Ingredients
for the salad
1 pound skirt steak, trimmed of excess fat if necessary, halved crosswise, at room temperature
1 to 2 tablespoons olive oil
1/2 cup (about 4 ounces) crumbled blue cheese
1 comice pear, diced
4 tablespoons crispy fried onions
1/2 pound mixed baby greens
3 tablespoons minced chives, 2 thinly sliced scallions or 3 tablespoons finely chopped red onion, for garnish
for the Vinaigrette
1 tablespoon coarse Dijon mustard
2 tablespoons wine vinegar
1/4 teaspoon Worcestershire sauce
1/2 teaspoon honey
1/3 cup olive oil
Directions
Pat steak dry and season on both sides 1/2 teaspoon salt and many grinds of black pepper.
Prepare grill for direct-heat cooking over hot charcoal or high heat for gas. Oil grill rack, then grill steak, covered only if using a gas grill, turning once, 4 to 6 minutes total for medium-rare.

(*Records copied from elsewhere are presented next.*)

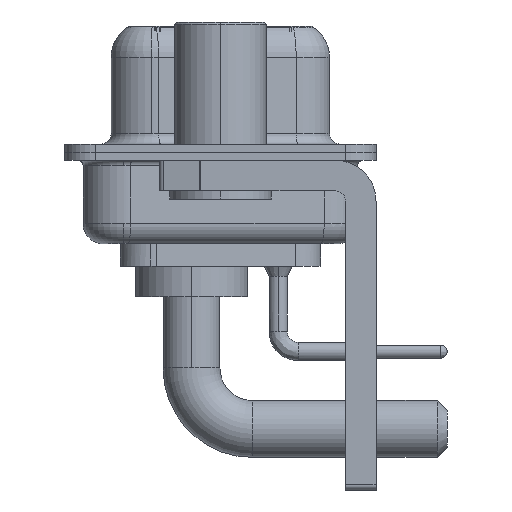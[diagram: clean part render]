
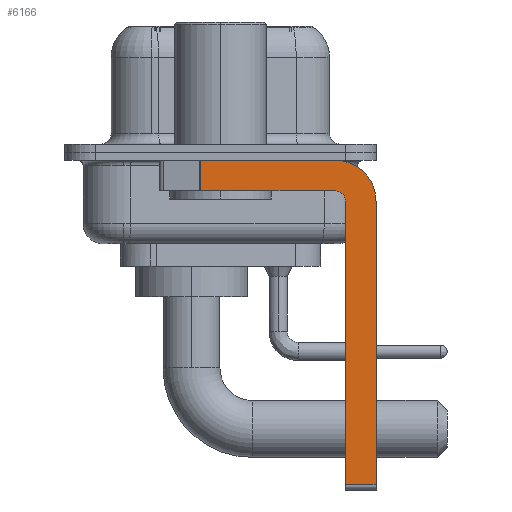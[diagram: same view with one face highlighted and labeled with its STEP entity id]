
A CAD part, left-side view. The second image highlights one B-rep face of the part: STEP entity #6166.
In plain terms, the highlighted planar face has unit normal (-1, 0, 0).
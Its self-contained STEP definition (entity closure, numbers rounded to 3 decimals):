
#3 = CARTESIAN_POINT ( 'NONE',  ( -2.9, -5.65, -16.35 ) ) ;
#364 = AXIS2_PLACEMENT_3D ( 'NONE', #23225, #12424, #6786 ) ;
#511 = CIRCLE ( 'NONE', #11657, 0.5 ) ;
#1073 = ORIENTED_EDGE ( 'NONE', *, *, #12237, .T. ) ;
#1142 = LINE ( 'NONE', #11968, #10915 ) ;
#1933 = LINE ( 'NONE', #12398, #12596 ) ;
#2173 = DIRECTION ( 'NONE',  ( 0., 1., 0. ) ) ;
#2337 = EDGE_CURVE ( 'NONE', #13391, #4794, #1933, .T. ) ;
#2604 = ORIENTED_EDGE ( 'NONE', *, *, #6591, .F. ) ;
#3440 = CARTESIAN_POINT ( 'NONE',  ( -2.9, -5.65, -0.4 ) ) ;
#4175 = CARTESIAN_POINT ( 'NONE',  ( -2.9, -7.65, -2.4 ) ) ;
#4501 = EDGE_CURVE ( 'NONE', #18686, #9615, #4518, .T. ) ;
#4518 = LINE ( 'NONE', #11732, #6677 ) ;
#4538 = EDGE_CURVE ( 'NONE', #19419, #11489, #1142, .T. ) ;
#4683 = ORIENTED_EDGE ( 'NONE', *, *, #16090, .F. ) ;
#4794 = VERTEX_POINT ( 'NONE', #14833 ) ;
#5344 = CARTESIAN_POINT ( 'NONE',  ( -2.9, 0.978, -1.9 ) ) ;
#5429 = ORIENTED_EDGE ( 'NONE', *, *, #4538, .F. ) ;
#6166 = ADVANCED_FACE ( 'NONE', ( #12788 ), #20107, .F. ) ;
#6591 = EDGE_CURVE ( 'NONE', #11489, #13391, #511, .T. ) ;
#6677 = VECTOR ( 'NONE', #21200, 1000. ) ;
#6752 = CARTESIAN_POINT ( 'NONE',  ( -2.9, -5.65, -2.4 ) ) ;
#6786 = DIRECTION ( 'NONE',  ( 0., 0., -1. ) ) ;
#7158 = DIRECTION ( 'NONE',  ( 0., 0., -1. ) ) ;
#7263 = DIRECTION ( 'NONE',  ( 0., 0., -1. ) ) ;
#7340 = EDGE_CURVE ( 'NONE', #22294, #4794, #9199, .T. ) ;
#8653 = CIRCLE ( 'NONE', #15942, 2. ) ;
#8809 = DIRECTION ( 'NONE',  ( 0., 0., 1. ) ) ;
#9062 = EDGE_LOOP ( 'NONE', ( #21543, #19781, #14094, #2604, #5429, #1073, #23095, #4683 ) ) ;
#9199 = LINE ( 'NONE', #5344, #22198 ) ;
#9615 = VERTEX_POINT ( 'NONE', #14316 ) ;
#9744 = DIRECTION ( 'NONE',  ( 0., -1., 0. ) ) ;
#10862 = VECTOR ( 'NONE', #20197, 1000. ) ;
#10915 = VECTOR ( 'NONE', #19394, 1000. ) ;
#11489 = VERTEX_POINT ( 'NONE', #17012 ) ;
#11657 = AXIS2_PLACEMENT_3D ( 'NONE', #6752, #14104, #8809 ) ;
#11675 = LINE ( 'NONE', #13730, #22032 ) ;
#11732 = CARTESIAN_POINT ( 'NONE',  ( -2.9, -7.65, -2.4 ) ) ;
#11858 = CARTESIAN_POINT ( 'NONE',  ( -2.9, -6.15, -16.35 ) ) ;
#11968 = CARTESIAN_POINT ( 'NONE',  ( -2.9, -6.15, -16.6 ) ) ;
#12237 = EDGE_CURVE ( 'NONE', #19419, #9615, #16107, .T. ) ;
#12398 = CARTESIAN_POINT ( 'NONE',  ( -2.9, -5.65, -1.9 ) ) ;
#12424 = DIRECTION ( 'NONE',  ( 1., 0., 0. ) ) ;
#12570 = DIRECTION ( 'NONE',  ( 1., 0., 0. ) ) ;
#12596 = VECTOR ( 'NONE', #2173, 1000. ) ;
#12788 = FACE_OUTER_BOUND ( 'NONE', #9062, .T. ) ;
#13391 = VERTEX_POINT ( 'NONE', #22576 ) ;
#13730 = CARTESIAN_POINT ( 'NONE',  ( -2.9, 3., -0.4 ) ) ;
#14094 = ORIENTED_EDGE ( 'NONE', *, *, #2337, .F. ) ;
#14104 = DIRECTION ( 'NONE',  ( -1., 0., 0. ) ) ;
#14307 = CARTESIAN_POINT ( 'NONE',  ( -2.9, 0.978, -0.4 ) ) ;
#14316 = CARTESIAN_POINT ( 'NONE',  ( -2.9, -7.65, -16.35 ) ) ;
#14833 = CARTESIAN_POINT ( 'NONE',  ( -2.9, 0.978, -1.9 ) ) ;
#15942 = AXIS2_PLACEMENT_3D ( 'NONE', #23459, #12570, #7158 ) ;
#16090 = EDGE_CURVE ( 'NONE', #17550, #18686, #8653, .T. ) ;
#16107 = LINE ( 'NONE', #3, #10862 ) ;
#17012 = CARTESIAN_POINT ( 'NONE',  ( -2.9, -6.15, -2.4 ) ) ;
#17550 = VERTEX_POINT ( 'NONE', #3440 ) ;
#18686 = VERTEX_POINT ( 'NONE', #4175 ) ;
#19394 = DIRECTION ( 'NONE',  ( 0., 0., 1. ) ) ;
#19419 = VERTEX_POINT ( 'NONE', #11858 ) ;
#19781 = ORIENTED_EDGE ( 'NONE', *, *, #7340, .T. ) ;
#20107 = PLANE ( 'NONE',  #364 ) ;
#20197 = DIRECTION ( 'NONE',  ( 0., -1., 0. ) ) ;
#20735 = EDGE_CURVE ( 'NONE', #22294, #17550, #11675, .T. ) ;
#21200 = DIRECTION ( 'NONE',  ( 0., 0., -1. ) ) ;
#21543 = ORIENTED_EDGE ( 'NONE', *, *, #20735, .F. ) ;
#22032 = VECTOR ( 'NONE', #9744, 1000. ) ;
#22198 = VECTOR ( 'NONE', #7263, 1000. ) ;
#22294 = VERTEX_POINT ( 'NONE', #14307 ) ;
#22576 = CARTESIAN_POINT ( 'NONE',  ( -2.9, -5.65, -1.9 ) ) ;
#23095 = ORIENTED_EDGE ( 'NONE', *, *, #4501, .F. ) ;
#23225 = CARTESIAN_POINT ( 'NONE',  ( -2.9, -5.65, -2.4 ) ) ;
#23459 = CARTESIAN_POINT ( 'NONE',  ( -2.9, -5.65, -2.4 ) ) ;
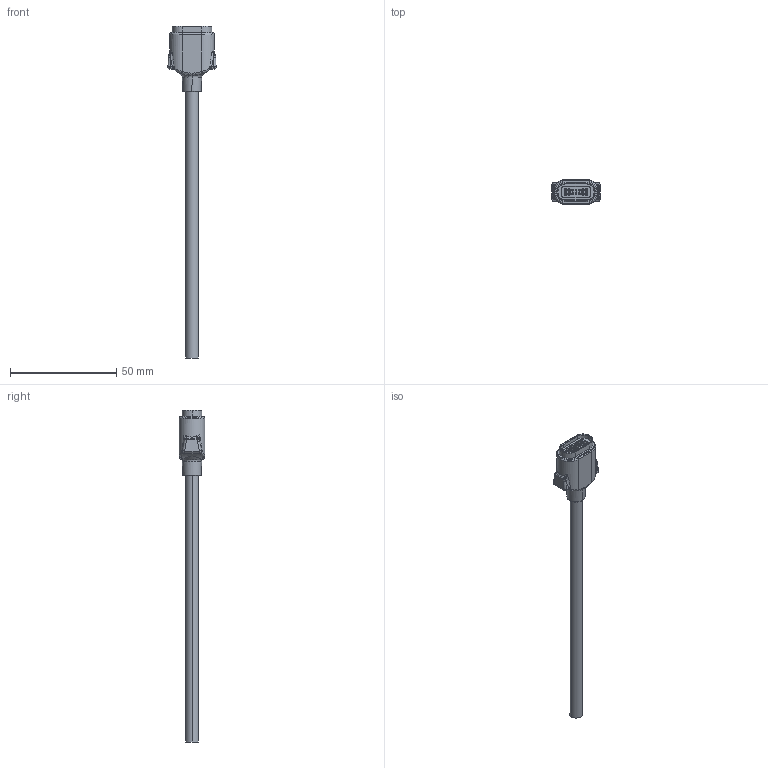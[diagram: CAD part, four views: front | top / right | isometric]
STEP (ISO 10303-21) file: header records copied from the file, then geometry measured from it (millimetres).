
FILE_DESCRIPTION (( 'STEP AP214' ), '1' );
FILE_NAME ('687A14140601100.STEP', '2023-05-02T14:47:24', ( '' ), ( '' ), 'SwSTEP 2.0', 'SolidWorks 2020', '' );
FILE_SCHEMA (( 'AUTOMOTIVE_DESIGN' ));
Length unit declared in the file: millimetre
Products named in the file (1): 687A14140601100
Bounding box: 22.64 x 12 x 156 mm (x, y, z)
Volume: 8603 mm3; surface area: 4331 mm2
Topology: 1 solids, 1 shells, 258 faces, 623 edges, 364 vertices
Faces by surface type: cylinder 96, bspline 54, plane 49, sphere 36, torus 13, cone 10
Entity records: 11024 total; most frequent: CARTESIAN_POINT 4504, DIRECTION 1152, ORIENTED_EDGE 1110, EDGE_CURVE 555, AXIS2_PLACEMENT_3D 492, VERTEX_POINT 332, EDGE_LOOP 291, CIRCLE 287

Transfer steak to a cutting board and let rest, loosely covered with foil, for five minutes. While the steak is resting, make the vinaigrette by whisking together those ingredients. Arrange baby greens on a large platter. Thinly slice steak on the diagonal, across the grain. Arrange over greens, then toss comice pears, crispy onions and blue cheese over platter. Add vinaigrette to taste, then sprinkle with chives, scallions or red onion. Serve with additional vinaigrette on the side.